January 26, 2019 | Filed under: Pharma Regulatory News | Posted by: pharmanewsdaily Tags: European Commission, Oncology, Ovarian Cancer, Patrick J. Mahaffy, Rubraca, rucaparib

Rubraca EC approval : US biotech company Clovis Oncology has secured approval for an additional indication for its cancer drug Rubraca (rucaparib) in Europe – as maintenance treatment for adult women whose ovarian cancer has relapsed.

The approval from the European Commission (EC) is for the PARP inhibitor to be used as monotherapy for patients with platinum-sensitive relapsed high-grade epithelial ovarian, fallopian tube, or primary peritoneal cancer who show complete or partial response to platinum-based chemotherapy.

In May 2018, Rubraca was approved by the EC as monotherapy treatment for women with recurrent ovarian cancer.

The latest Rubraca EC approval was driven by the results of the phase 3 ARIEL3 clinical trial, which showed rucaparib to have improved progression-free survival in all ovarian cancer patient populations to a significant extent.

Clovis Oncology Rubraca EC approval. Image courtesy of dream designs at FreeDigitalPhotos.net.

The ARIEL3 trial featured 564 patients with recurrent epithelial ovarian, fallopian tube or primary peritoneal cancer with complete or partial response to platinum-based chemotherapy. Patients were randomly grouped in a 2:1 ratio to be administered rucaparib tablets 600mg twice daily or placebo.
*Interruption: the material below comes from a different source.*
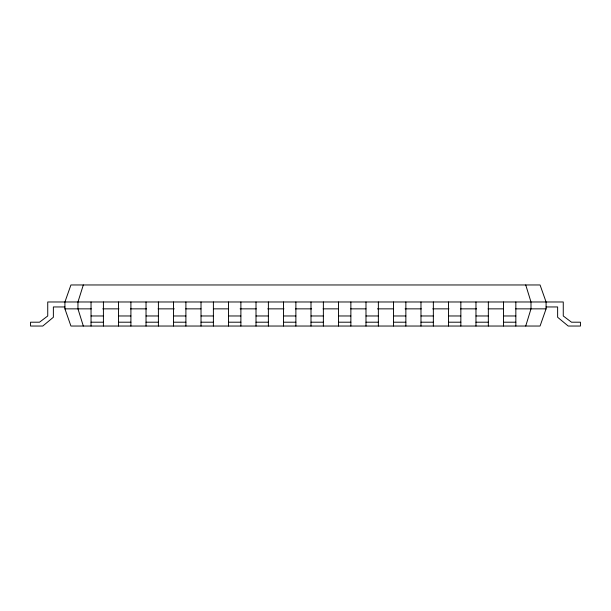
<?xml version="1.0" encoding="UTF-8"?>
<svg xmlns="http://www.w3.org/2000/svg" width="611" height="611" viewBox="0 0 611 611"><rect width="100%" height="100%" fill="white"/><g stroke="black" fill="none" stroke-linecap="round" stroke-linejoin="round"><path stroke-width="0.92" d="M525.727 326.037L530.99 308.853L530.99 301.979L525.727 284.963M83.317 284.963L77.956 301.979L77.956 308.853L83.317 326.037M546.081 308.853L540.063 326.037L70.929 326.037L64.919 308.853L64.919 301.979L70.929 284.963L540.063 284.963L546.081 301.979L546.081 308.853L515.73 308.853M64.919 306.951L53.371 306.951L53.371 317.262L42.785 326.037L30.55 326.037L30.55 322.203L39.516 322.203L47.734 315.971L47.734 301.979L563.266 301.979L563.266 315.971L571.484 322.203L580.45 322.203L580.45 326.037L568.215 326.037L557.629 317.262L557.629 306.951L546.081 306.951M64.919 308.853L91.306 308.853M102.755 308.853L118.969 308.853M130.41 308.853L146.625 308.853M158.073 308.853L174.288 308.853M185.729 308.853L200.988 308.853M213.392 308.853L228.651 308.853M240.092 308.853L256.307 308.853M267.755 308.853L283.97 308.853M295.411 308.853L311.625 308.853M323.074 308.853L338.334 308.853M350.729 308.853L365.989 308.853M377.438 308.853L393.644 308.853M405.093 308.853L421.307 308.853M432.748 308.853L448.963 308.853M460.411 308.853L476.626 308.853M488.067 308.853L503.327 308.853M91.039 315.971L103.412 315.971M118.534 315.971L130.907 315.971M146.029 315.971L158.402 315.971M173.524 315.971L185.897 315.971M201.019 315.971L213.392 315.971M228.514 315.971L240.887 315.971M256.009 315.971L268.382 315.971M283.504 315.971L295.877 315.971M310.999 315.971L323.372 315.971M338.494 315.971L350.867 315.971M365.989 315.971L378.362 315.971M393.484 315.971L405.857 315.971M420.979 315.971L433.352 315.971M448.474 315.971L460.847 315.971M475.969 315.971L488.342 315.971M503.464 315.971L515.837 315.971M91.039 322.203L103.412 322.203M118.534 322.203L130.907 322.203M146.029 322.203L158.402 322.203M173.524 322.203L185.897 322.203M201.019 322.203L213.392 322.203M228.514 322.203L240.887 322.203M256.009 322.203L268.382 322.203M283.504 322.203L295.877 322.203M310.999 322.203L323.372 322.203M338.494 322.203L350.867 322.203M365.989 322.203L378.362 322.203M393.484 322.203L405.857 322.203M420.979 322.203L433.352 322.203M448.474 322.203L460.847 322.203M475.969 322.203L488.342 322.203M503.464 322.203L515.837 322.203M515.837 301.979L515.837 326.037M503.464 301.979L503.464 326.037M488.342 301.979L488.342 326.037M475.969 301.979L475.969 326.037M460.847 301.979L460.847 326.037M448.474 301.979L448.474 326.037M433.352 301.979L433.352 326.037M420.979 301.979L420.979 326.037M405.857 301.979L405.857 326.037M393.484 301.979L393.484 326.037M378.362 301.979L378.362 326.037M365.989 301.979L365.989 326.037M350.867 301.979L350.867 326.037M338.494 301.979L338.494 326.037M323.372 301.979L323.372 326.037M310.999 301.979L310.999 326.037M295.877 301.979L295.877 326.037M283.504 301.979L283.504 326.037M268.382 301.979L268.382 326.037M256.009 301.979L256.009 326.037M240.887 301.979L240.887 326.037M228.514 301.979L228.514 326.037M213.392 301.979L213.392 326.037M201.019 301.979L201.019 326.037M185.897 301.979L185.897 326.037M173.524 301.979L173.524 326.037M158.402 301.979L158.402 326.037M146.029 301.979L146.029 326.037M130.907 301.979L130.907 326.037M118.534 301.979L118.534 326.037M103.412 301.979L103.412 326.037M91.039 301.979L91.039 326.037"/></g></svg>

The late stage clinical trial achieved its primary endpoint by prolonging progression-free survival (PFS) compared to placebo in all patients, irrespective of BRCA status. The key secondary endpoint of extending PFS was also achieved.

Patrick J. Mahaffy – President and CEO of Clovis Oncology, commenting on Rubraca EC approval, said: “This EC authorization of rucaparib is an important step in ensuring that it is available to all women who may potentially benefit, regardless of their BRCA status.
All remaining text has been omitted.